Use Prefect with Google Cloud Storage

Interact with Google Cloud Storage.

The code below uses prefect_gcp to upload a file to a Google Cloud Storage bucket and download the same file under a different filename.

from pathlib import Path
from prefect import flow
from prefect_gcp import GcpCredentials, GcsBucket


@flow
def cloud_storage_flow():
    # create a dummy file to upload
    file_path = Path("test-example.txt")
    file_path.write_text("Hello, Prefect!")

    gcp_credentials = GcpCredentials.load("CREDENTIALS-BLOCK-NAME")
    gcs_bucket = GcsBucket(
        bucket="BUCKET-NAME",
        gcp_credentials=gcp_credentials
    )

    gcs_bucket_path = gcs_bucket.upload_from_path(file_path)
    downloaded_file_path = gcs_bucket.download_object_to_path(
        gcs_bucket_path, "downloaded-test-example.txt"
    )
    return downloaded_file_path.read_text()
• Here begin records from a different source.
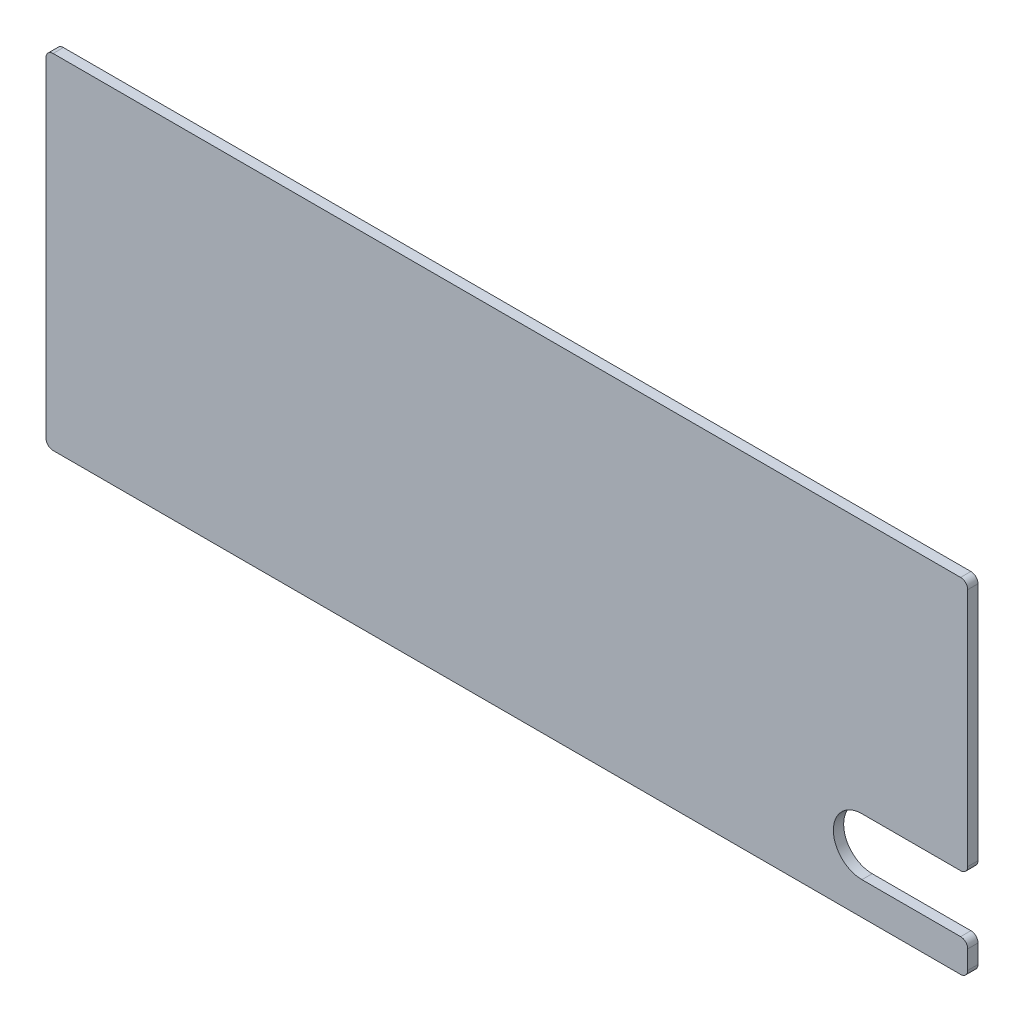
ISO-10303-21;
HEADER;
FILE_DESCRIPTION(('STEP AP214'),'2;1');
FILE_NAME('part.step','',(''),(''),'','','');
FILE_SCHEMA(('AUTOMOTIVE_DESIGN { 1 0 10303 214 1 1 1 1 }'));
ENDSEC;
DATA;
#1=APPLICATION_CONTEXT('core data for automotive mechanical design processes');
#2=APPLICATION_PROTOCOL_DEFINITION('international standard','automotive_design',2000,#1);
#3=PRODUCT_CONTEXT('',#1,'mechanical');
#4=PRODUCT('Part','Part','',(#3));
#5=PRODUCT_RELATED_PRODUCT_CATEGORY('part','',(#4));
#6=PRODUCT_DEFINITION_FORMATION('','',#4);
#7=PRODUCT_DEFINITION_CONTEXT('part definition',#1,'design');
#8=PRODUCT_DEFINITION('design','',#6,#7);
#9=PRODUCT_DEFINITION_SHAPE('','',#8);
#10=(LENGTH_UNIT() NAMED_UNIT(*) SI_UNIT(.MILLI.,.METRE.));
#11=(NAMED_UNIT(*) PLANE_ANGLE_UNIT() SI_UNIT($,.RADIAN.));
#12=(NAMED_UNIT(*) SI_UNIT($,.STERADIAN.) SOLID_ANGLE_UNIT());
#13=UNCERTAINTY_MEASURE_WITH_UNIT(LENGTH_MEASURE(1.E-05),#10,'distance_accuracy_value','');
#14=(GEOMETRIC_REPRESENTATION_CONTEXT(3) GLOBAL_UNCERTAINTY_ASSIGNED_CONTEXT((#13)) GLOBAL_UNIT_ASSIGNED_CONTEXT((#10,
#11,#12)) REPRESENTATION_CONTEXT('',''));
#15=CARTESIAN_POINT('',(0.,0.,0.));
#16=DIRECTION('',(0.,0.,1.));
#17=DIRECTION('',(1.,0.,0.));
#18=AXIS2_PLACEMENT_3D('',#15,#16,#17);
#19=CARTESIAN_POINT('',(130.,0.,1.45));
#20=DIRECTION('',(-1.,0.,0.));
#21=DIRECTION('',(0.,0.,1.));
#22=AXIS2_PLACEMENT_3D('',#19,#20,#21);
#23=PLANE('',#22);
#24=DIRECTION('',(0.,1.,0.));
#25=VECTOR('',#24,1.);
#26=CARTESIAN_POINT('',(130.,0.,1.45));
#27=LINE('',#26,#25);
#28=CARTESIAN_POINT('',(130.,1.,1.45));
#29=VERTEX_POINT('',#28);
#30=CARTESIAN_POINT('',(130.,3.62293045559234,1.45));
#31=VERTEX_POINT('',#30);
#32=EDGE_CURVE('E184',#29,#31,#27,.T.);
#33=ORIENTED_EDGE('',*,*,#32,.F.);
#34=DIRECTION('',(0.,0.,-1.));
#35=VECTOR('',#34,1.);
#36=CARTESIAN_POINT('',(130.,1.,1.45));
#37=LINE('',#36,#35);
#38=CARTESIAN_POINT('',(130.,1.,0.));
#39=VERTEX_POINT('',#38);
#40=EDGE_CURVE('E269',#29,#39,#37,.T.);
#41=ORIENTED_EDGE('',*,*,#40,.T.);
#42=DIRECTION('',(0.,1.,0.));
#43=VECTOR('',#42,1.);
#44=CARTESIAN_POINT('',(130.,0.,0.));
#45=LINE('',#44,#43);
#46=CARTESIAN_POINT('',(130.,3.62293045559234,0.));
#47=VERTEX_POINT('',#46);
#48=EDGE_CURVE('E203',#39,#47,#45,.T.);
#49=ORIENTED_EDGE('',*,*,#48,.T.);
#50=DIRECTION('',(0.,0.,1.));
#51=VECTOR('',#50,1.);
#52=CARTESIAN_POINT('',(130.,3.62293045559234,1.45));
#53=LINE('',#52,#51);
#54=EDGE_CURVE('E265',#47,#31,#53,.T.);
#55=ORIENTED_EDGE('',*,*,#54,.T.);
#56=EDGE_LOOP('',(#33,#41,#49,#55));
#57=FACE_BOUND('',#56,.T.);
#58=ADVANCED_FACE('F38',(#57),#23,.F.);
#59=CARTESIAN_POINT('',(0.,0.,1.45));
#60=DIRECTION('',(1.,0.,0.));
#61=DIRECTION('',(0.,0.,-1.));
#62=AXIS2_PLACEMENT_3D('',#59,#60,#61);
#63=PLANE('',#62);
#64=DIRECTION('',(0.,-1.,0.));
#65=VECTOR('',#64,1.);
#66=CARTESIAN_POINT('',(0.,0.,0.));
#67=LINE('',#66,#65);
#68=CARTESIAN_POINT('',(0.,47.5,0.));
#69=VERTEX_POINT('',#68);
#70=CARTESIAN_POINT('',(0.,1.,0.));
#71=VERTEX_POINT('',#70);
#72=EDGE_CURVE('E174',#69,#71,#67,.T.);
#73=ORIENTED_EDGE('',*,*,#72,.T.);
#74=DIRECTION('',(0.,0.,-1.));
#75=VECTOR('',#74,1.);
#76=CARTESIAN_POINT('',(0.,1.,1.45));
#77=LINE('',#76,#75);
#78=CARTESIAN_POINT('',(0.,1.,1.45));
#79=VERTEX_POINT('',#78);
#80=EDGE_CURVE('E11',#71,#79,#77,.F.);
#81=ORIENTED_EDGE('',*,*,#80,.T.);
#82=DIRECTION('',(0.,-1.,0.));
#83=VECTOR('',#82,1.);
#84=CARTESIAN_POINT('',(0.,0.,1.45));
#85=LINE('',#84,#83);
#86=CARTESIAN_POINT('',(0.,47.5,1.45));
#87=VERTEX_POINT('',#86);
#88=EDGE_CURVE('E176',#87,#79,#85,.T.);
#89=ORIENTED_EDGE('',*,*,#88,.F.);
#90=DIRECTION('',(0.,0.,-1.));
#91=VECTOR('',#90,1.);
#92=CARTESIAN_POINT('',(0.,47.5,1.45));
#93=LINE('',#92,#91);
#94=EDGE_CURVE('E47',#87,#69,#93,.T.);
#95=ORIENTED_EDGE('',*,*,#94,.T.);
#96=EDGE_LOOP('',(#73,#81,#89,#95));
#97=FACE_BOUND('',#96,.T.);
#98=ADVANCED_FACE('F287',(#97),#63,.F.);
#99=CARTESIAN_POINT('',(0.,0.,1.45));
#100=DIRECTION('',(0.,1.,0.));
#101=DIRECTION('',(0.,0.,1.));
#102=AXIS2_PLACEMENT_3D('',#99,#100,#101);
#103=PLANE('',#102);
#104=DIRECTION('',(1.,0.,0.));
#105=VECTOR('',#104,1.);
#106=CARTESIAN_POINT('',(0.,0.,0.));
#107=LINE('',#106,#105);
#108=CARTESIAN_POINT('',(1.,0.,0.));
#109=VERTEX_POINT('',#108);
#110=CARTESIAN_POINT('',(129.,0.,0.));
#111=VERTEX_POINT('',#110);
#112=EDGE_CURVE('E196',#109,#111,#107,.T.);
#113=ORIENTED_EDGE('',*,*,#112,.T.);
#114=DIRECTION('',(0.,0.,-1.));
#115=VECTOR('',#114,1.);
#116=CARTESIAN_POINT('',(129.,0.,1.45));
#117=LINE('',#116,#115);
#118=CARTESIAN_POINT('',(129.,0.,1.45));
#119=VERTEX_POINT('',#118);
#120=EDGE_CURVE('E54',#111,#119,#117,.F.);
#121=ORIENTED_EDGE('',*,*,#120,.T.);
#122=DIRECTION('',(1.,0.,0.));
#123=VECTOR('',#122,1.);
#124=CARTESIAN_POINT('',(0.,0.,1.45));
#125=LINE('',#124,#123);
#126=CARTESIAN_POINT('',(1.,0.,1.45));
#127=VERTEX_POINT('',#126);
#128=EDGE_CURVE('E179',#127,#119,#125,.T.);
#129=ORIENTED_EDGE('',*,*,#128,.F.);
#130=DIRECTION('',(0.,0.,-1.));
#131=VECTOR('',#130,1.);
#132=CARTESIAN_POINT('',(1.,0.,1.45));
#133=LINE('',#132,#131);
#134=EDGE_CURVE('E273',#127,#109,#133,.T.);
#135=ORIENTED_EDGE('',*,*,#134,.T.);
#136=EDGE_LOOP('',(#113,#121,#129,#135));
#137=FACE_BOUND('',#136,.T.);
#138=ADVANCED_FACE('F298',(#137),#103,.F.);
#139=CARTESIAN_POINT('',(130.,13.6737729249972,0.));
#140=VERTEX_POINT('',#139);
#141=CARTESIAN_POINT('',(130.,47.5,0.));
#142=VERTEX_POINT('',#141);
#143=EDGE_CURVE('E199',#140,#142,#45,.T.);
#144=ORIENTED_EDGE('',*,*,#143,.T.);
#145=DIRECTION('',(0.,0.,-1.));
#146=VECTOR('',#145,1.);
#147=CARTESIAN_POINT('',(130.,47.5,1.45));
#148=LINE('',#147,#146);
#149=CARTESIAN_POINT('',(130.,47.5,1.45));
#150=VERTEX_POINT('',#149);
#151=EDGE_CURVE('E243',#142,#150,#148,.F.);
#152=ORIENTED_EDGE('',*,*,#151,.T.);
#153=CARTESIAN_POINT('',(130.,13.6737729249972,1.45));
#154=VERTEX_POINT('',#153);
#155=EDGE_CURVE('E183',#154,#150,#27,.T.);
#156=ORIENTED_EDGE('',*,*,#155,.F.);
#157=DIRECTION('',(0.,0.,-1.));
#158=VECTOR('',#157,1.);
#159=CARTESIAN_POINT('',(130.,13.6737729249973,1.45));
#160=LINE('',#159,#158);
#161=EDGE_CURVE('E239',#154,#140,#160,.T.);
#162=ORIENTED_EDGE('',*,*,#161,.T.);
#163=EDGE_LOOP('',(#144,#152,#156,#162));
#164=FACE_BOUND('',#163,.T.);
#165=ADVANCED_FACE('F325',(#164),#23,.F.);
#166=CARTESIAN_POINT('',(0.,48.5,1.45));
#167=DIRECTION('',(0.,-1.,0.));
#168=DIRECTION('',(0.,0.,-1.));
#169=AXIS2_PLACEMENT_3D('',#166,#167,#168);
#170=PLANE('',#169);
#171=DIRECTION('',(-1.,0.,0.));
#172=VECTOR('',#171,1.);
#173=CARTESIAN_POINT('',(0.,48.5,1.45));
#174=LINE('',#173,#172);
#175=CARTESIAN_POINT('',(129.,48.5,1.45));
#176=VERTEX_POINT('',#175);
#177=CARTESIAN_POINT('',(1.,48.5,1.45));
#178=VERTEX_POINT('',#177);
#179=EDGE_CURVE('E188',#176,#178,#174,.T.);
#180=ORIENTED_EDGE('',*,*,#179,.F.);
#181=DIRECTION('',(0.,0.,-1.));
#182=VECTOR('',#181,1.);
#183=CARTESIAN_POINT('',(129.,48.5,1.45));
#184=LINE('',#183,#182);
#185=CARTESIAN_POINT('',(129.,48.5,0.));
#186=VERTEX_POINT('',#185);
#187=EDGE_CURVE('E217',#176,#186,#184,.T.);
#188=ORIENTED_EDGE('',*,*,#187,.T.);
#189=DIRECTION('',(-1.,0.,0.));
#190=VECTOR('',#189,1.);
#191=CARTESIAN_POINT('',(0.,48.5,0.));
#192=LINE('',#191,#190);
#193=CARTESIAN_POINT('',(1.,48.5,0.));
#194=VERTEX_POINT('',#193);
#195=EDGE_CURVE('E180',#186,#194,#192,.T.);
#196=ORIENTED_EDGE('',*,*,#195,.T.);
#197=DIRECTION('',(0.,0.,-1.));
#198=VECTOR('',#197,1.);
#199=CARTESIAN_POINT('',(1.,48.5,1.45));
#200=LINE('',#199,#198);
#201=EDGE_CURVE('E214',#194,#178,#200,.F.);
#202=ORIENTED_EDGE('',*,*,#201,.T.);
#203=EDGE_LOOP('',(#180,#188,#196,#202));
#204=FACE_BOUND('',#203,.T.);
#205=ADVANCED_FACE('F322',(#204),#170,.F.);
#206=CARTESIAN_POINT('',(0.,0.,1.45));
#207=DIRECTION('',(0.,0.,-1.));
#208=DIRECTION('',(-1.,0.,0.));
#209=AXIS2_PLACEMENT_3D('',#206,#207,#208);
#210=PLANE('',#209);
#211=ORIENTED_EDGE('',*,*,#155,.T.);
#212=CARTESIAN_POINT('',(129.,47.5,1.45));
#213=DIRECTION('',(0.,0.,-1.));
#214=DIRECTION('',(-1.,0.,0.));
#215=AXIS2_PLACEMENT_3D('',#212,#213,#214);
#216=CIRCLE('',#215,1.);
#217=EDGE_CURVE('E260',#150,#176,#216,.F.);
#218=ORIENTED_EDGE('',*,*,#217,.T.);
#219=ORIENTED_EDGE('',*,*,#179,.T.);
#220=CARTESIAN_POINT('',(1.,47.5,1.45));
#221=DIRECTION('',(0.,0.,-1.));
#222=DIRECTION('',(-1.,0.,0.));
#223=AXIS2_PLACEMENT_3D('',#220,#221,#222);
#224=CIRCLE('',#223,1.);
#225=EDGE_CURVE('E246',#178,#87,#224,.F.);
#226=ORIENTED_EDGE('',*,*,#225,.T.);
#227=ORIENTED_EDGE('',*,*,#88,.T.);
#228=CARTESIAN_POINT('',(1.,1.,1.45));
#229=DIRECTION('',(0.,0.,-1.));
#230=DIRECTION('',(-1.,0.,0.));
#231=AXIS2_PLACEMENT_3D('',#228,#229,#230);
#232=CIRCLE('',#231,1.);
#233=EDGE_CURVE('E61',#79,#127,#232,.F.);
#234=ORIENTED_EDGE('',*,*,#233,.T.);
#235=ORIENTED_EDGE('',*,*,#128,.T.);
#236=CARTESIAN_POINT('',(129.,1.,1.45));
#237=DIRECTION('',(0.,0.,-1.));
#238=DIRECTION('',(-1.,0.,0.));
#239=AXIS2_PLACEMENT_3D('',#236,#237,#238);
#240=CIRCLE('',#239,1.);
#241=EDGE_CURVE('E254',#119,#29,#240,.F.);
#242=ORIENTED_EDGE('',*,*,#241,.T.);
#243=ORIENTED_EDGE('',*,*,#32,.T.);
#244=CARTESIAN_POINT('',(129.,3.62293045559234,1.45));
#245=DIRECTION('',(0.,0.,-1.));
#246=DIRECTION('',(-1.,0.,0.));
#247=AXIS2_PLACEMENT_3D('',#244,#245,#246);
#248=CIRCLE('',#247,1.);
#249=CARTESIAN_POINT('',(129.,4.62293045559235,1.45));
#250=VERTEX_POINT('',#249);
#251=EDGE_CURVE('E251',#31,#250,#248,.F.);
#252=ORIENTED_EDGE('',*,*,#251,.T.);
#253=DIRECTION('',(1.,0.,0.));
#254=VECTOR('',#253,1.);
#255=CARTESIAN_POINT('',(144.922454277233,4.62293045559235,1.45));
#256=LINE('',#255,#254);
#257=CARTESIAN_POINT('',(115.077545722767,4.62293045559235,1.45));
#258=VERTEX_POINT('',#257);
#259=EDGE_CURVE('E163',#258,#250,#256,.T.);
#260=ORIENTED_EDGE('',*,*,#259,.F.);
#261=CARTESIAN_POINT('',(115.077545722767,8.6483516902948,1.45));
#262=DIRECTION('',(0.,0.,1.));
#263=DIRECTION('',(1.,0.,0.));
#264=AXIS2_PLACEMENT_3D('',#261,#262,#263);
#265=CIRCLE('',#264,4.02542123470245);
#266=CARTESIAN_POINT('',(115.077545722767,12.6737729249973,1.45));
#267=VERTEX_POINT('',#266);
#268=EDGE_CURVE('E151',#267,#258,#265,.T.);
#269=ORIENTED_EDGE('',*,*,#268,.F.);
#270=DIRECTION('',(-1.,0.,0.));
#271=VECTOR('',#270,1.);
#272=CARTESIAN_POINT('',(144.922454277233,12.6737729249973,1.45));
#273=LINE('',#272,#271);
#274=CARTESIAN_POINT('',(129.,12.6737729249973,1.45));
#275=VERTEX_POINT('',#274);
#276=EDGE_CURVE('E140',#275,#267,#273,.T.);
#277=ORIENTED_EDGE('',*,*,#276,.F.);
#278=CARTESIAN_POINT('',(129.,13.6737729249973,1.45));
#279=DIRECTION('',(0.,0.,-1.));
#280=DIRECTION('',(-1.,0.,0.));
#281=AXIS2_PLACEMENT_3D('',#278,#279,#280);
#282=CIRCLE('',#281,1.);
#283=EDGE_CURVE('E257',#275,#154,#282,.F.);
#284=ORIENTED_EDGE('',*,*,#283,.T.);
#285=EDGE_LOOP('',(#211,#218,#219,#226,#227,#234,#235,#242,#243,#252,#260,#269,#277,#284));
#286=FACE_BOUND('',#285,.T.);
#287=ADVANCED_FACE('F166',(#286),#210,.F.);
#288=CARTESIAN_POINT('',(0.,0.,0.));
#289=DIRECTION('',(0.,0.,-1.));
#290=DIRECTION('',(-1.,0.,0.));
#291=AXIS2_PLACEMENT_3D('',#288,#289,#290);
#292=PLANE('',#291);
#293=ORIENTED_EDGE('',*,*,#195,.F.);
#294=CARTESIAN_POINT('',(129.,47.5,0.));
#295=DIRECTION('',(0.,0.,-1.));
#296=DIRECTION('',(-1.,0.,0.));
#297=AXIS2_PLACEMENT_3D('',#294,#295,#296);
#298=CIRCLE('',#297,1.);
#299=EDGE_CURVE('E236',#186,#142,#298,.T.);
#300=ORIENTED_EDGE('',*,*,#299,.T.);
#301=ORIENTED_EDGE('',*,*,#143,.F.);
#302=CARTESIAN_POINT('',(129.,13.6737729249973,0.));
#303=DIRECTION('',(0.,0.,-1.));
#304=DIRECTION('',(-1.,0.,0.));
#305=AXIS2_PLACEMENT_3D('',#302,#303,#304);
#306=CIRCLE('',#305,1.);
#307=CARTESIAN_POINT('',(129.,12.6737729249973,0.));
#308=VERTEX_POINT('',#307);
#309=EDGE_CURVE('E233',#140,#308,#306,.T.);
#310=ORIENTED_EDGE('',*,*,#309,.T.);
#311=DIRECTION('',(1.,0.,0.));
#312=VECTOR('',#311,1.);
#313=CARTESIAN_POINT('',(0.,12.6737729249973,0.));
#314=LINE('',#313,#312);
#315=CARTESIAN_POINT('',(115.077545722767,12.6737729249973,0.));
#316=VERTEX_POINT('',#315);
#317=EDGE_CURVE('E192',#316,#308,#314,.T.);
#318=ORIENTED_EDGE('',*,*,#317,.F.);
#319=CARTESIAN_POINT('',(115.077545722767,8.6483516902948,0.));
#320=DIRECTION('',(0.,0.,-1.));
#321=DIRECTION('',(-1.,0.,0.));
#322=AXIS2_PLACEMENT_3D('',#319,#320,#321);
#323=CIRCLE('',#322,4.02542123470245);
#324=CARTESIAN_POINT('',(115.077545722767,4.62293045559235,0.));
#325=VERTEX_POINT('',#324);
#326=EDGE_CURVE('E159',#325,#316,#323,.T.);
#327=ORIENTED_EDGE('',*,*,#326,.F.);
#328=DIRECTION('',(-1.,0.,0.));
#329=VECTOR('',#328,1.);
#330=CARTESIAN_POINT('',(0.,4.62293045559235,0.));
#331=LINE('',#330,#329);
#332=CARTESIAN_POINT('',(129.,4.62293045559235,0.));
#333=VERTEX_POINT('',#332);
#334=EDGE_CURVE('E211',#333,#325,#331,.T.);
#335=ORIENTED_EDGE('',*,*,#334,.F.);
#336=CARTESIAN_POINT('',(129.,3.62293045559234,0.));
#337=DIRECTION('',(0.,0.,-1.));
#338=DIRECTION('',(-1.,0.,0.));
#339=AXIS2_PLACEMENT_3D('',#336,#337,#338);
#340=CIRCLE('',#339,1.);
#341=EDGE_CURVE('E227',#333,#47,#340,.T.);
#342=ORIENTED_EDGE('',*,*,#341,.T.);
#343=ORIENTED_EDGE('',*,*,#48,.F.);
#344=CARTESIAN_POINT('',(129.,1.,0.));
#345=DIRECTION('',(0.,0.,-1.));
#346=DIRECTION('',(-1.,0.,0.));
#347=AXIS2_PLACEMENT_3D('',#344,#345,#346);
#348=CIRCLE('',#347,1.);
#349=EDGE_CURVE('E230',#39,#111,#348,.T.);
#350=ORIENTED_EDGE('',*,*,#349,.T.);
#351=ORIENTED_EDGE('',*,*,#112,.F.);
#352=CARTESIAN_POINT('',(1.,1.,0.));
#353=DIRECTION('',(0.,0.,-1.));
#354=DIRECTION('',(-1.,0.,0.));
#355=AXIS2_PLACEMENT_3D('',#352,#353,#354);
#356=CIRCLE('',#355,1.);
#357=EDGE_CURVE('E224',#109,#71,#356,.T.);
#358=ORIENTED_EDGE('',*,*,#357,.T.);
#359=ORIENTED_EDGE('',*,*,#72,.F.);
#360=CARTESIAN_POINT('',(1.,47.5,0.));
#361=DIRECTION('',(0.,0.,-1.));
#362=DIRECTION('',(-1.,0.,0.));
#363=AXIS2_PLACEMENT_3D('',#360,#361,#362);
#364=CIRCLE('',#363,1.);
#365=EDGE_CURVE('E221',#69,#194,#364,.T.);
#366=ORIENTED_EDGE('',*,*,#365,.T.);
#367=EDGE_LOOP('',(#293,#300,#301,#310,#318,#327,#335,#342,#343,#350,#351,#358,#359,#366));
#368=FACE_BOUND('',#367,.T.);
#369=ADVANCED_FACE('F293',(#368),#292,.T.);
#370=CARTESIAN_POINT('',(144.922454277233,4.62293045559235,-10.55));
#371=DIRECTION('',(0.,-1.,0.));
#372=DIRECTION('',(0.,0.,-1.));
#373=AXIS2_PLACEMENT_3D('',#370,#371,#372);
#374=PLANE('',#373);
#375=ORIENTED_EDGE('',*,*,#259,.T.);
#376=DIRECTION('',(0.,0.,1.));
#377=VECTOR('',#376,1.);
#378=CARTESIAN_POINT('',(129.,4.62293045559235,-10.55));
#379=LINE('',#378,#377);
#380=EDGE_CURVE('E279',#250,#333,#379,.F.);
#381=ORIENTED_EDGE('',*,*,#380,.T.);
#382=ORIENTED_EDGE('',*,*,#334,.T.);
#383=DIRECTION('',(0.,0.,1.));
#384=VECTOR('',#383,1.);
#385=CARTESIAN_POINT('',(115.077545722767,4.62293045559235,-10.55));
#386=LINE('',#385,#384);
#387=EDGE_CURVE('E162',#325,#258,#386,.T.);
#388=ORIENTED_EDGE('',*,*,#387,.T.);
#389=EDGE_LOOP('',(#375,#381,#382,#388));
#390=FACE_BOUND('',#389,.T.);
#391=ADVANCED_FACE('F332',(#390),#374,.F.);
#392=CARTESIAN_POINT('',(144.922454277233,12.6737729249973,-10.55));
#393=DIRECTION('',(0.,1.,0.));
#394=DIRECTION('',(0.,0.,1.));
#395=AXIS2_PLACEMENT_3D('',#392,#393,#394);
#396=PLANE('',#395);
#397=ORIENTED_EDGE('',*,*,#317,.T.);
#398=DIRECTION('',(0.,0.,-1.));
#399=VECTOR('',#398,1.);
#400=CARTESIAN_POINT('',(129.,12.6737729249973,-10.55));
#401=LINE('',#400,#399);
#402=EDGE_CURVE('E147',#308,#275,#401,.F.);
#403=ORIENTED_EDGE('',*,*,#402,.T.);
#404=ORIENTED_EDGE('',*,*,#276,.T.);
#405=DIRECTION('',(0.,0.,1.));
#406=VECTOR('',#405,1.);
#407=CARTESIAN_POINT('',(115.077545722767,12.6737729249973,-10.55));
#408=LINE('',#407,#406);
#409=EDGE_CURVE('E144',#316,#267,#408,.T.);
#410=ORIENTED_EDGE('',*,*,#409,.F.);
#411=EDGE_LOOP('',(#397,#403,#404,#410));
#412=FACE_BOUND('',#411,.T.);
#413=ADVANCED_FACE('F143',(#412),#396,.F.);
#414=CARTESIAN_POINT('',(115.077545722767,8.6483516902948,-10.55));
#415=DIRECTION('',(0.,0.,1.));
#416=DIRECTION('',(1.,0.,0.));
#417=AXIS2_PLACEMENT_3D('',#414,#415,#416);
#418=CYLINDRICAL_SURFACE('',#417,4.02542123470245);
#419=ORIENTED_EDGE('',*,*,#326,.T.);
#420=ORIENTED_EDGE('',*,*,#409,.T.);
#421=ORIENTED_EDGE('',*,*,#268,.T.);
#422=ORIENTED_EDGE('',*,*,#387,.F.);
#423=EDGE_LOOP('',(#419,#420,#421,#422));
#424=FACE_BOUND('',#423,.T.);
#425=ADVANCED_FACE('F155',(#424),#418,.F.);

if __name__ == "__main__":
    cloud_storage_flow()

Upload and download directories

GcsBucket supports uploading and downloading entire directories.

Save secrets with Google Secret Manager

Read and write secrets with Google Secret Manager.

Be sure to install prefect-gcp with the Secret Manager extra.

The code below writes a secret to the Secret Manager, reads the secret data, and deletes the secret.

from prefect import flow
from prefect_gcp import GcpCredentials, GcpSecret


@flow
def secret_manager_flow():
    gcp_credentials = GcpCredentials.load("CREDENTIALS-BLOCK-NAME")
    gcp_secret = GcpSecret(secret_name="test-example", gcp_credentials=gcp_credentials)
    gcp_secret.write_secret(secret_data=b"Hello, Prefect!")
    secret_data = gcp_secret.read_secret()
    gcp_secret.delete_secret()
    return secret_data


if __name__ == "__main__":
    secret_manager_flow()

Resources

For assistance using GCP, consult the Google Cloud documentation.

GCP can also authenticate without storing credentials in a block. See Access third-party secrets for an example that uses AWS Secrets Manager and Snowflake.

Refer to the prefect-gcp SDK documentation to explore all of the capabilities of the prefect-gcp library.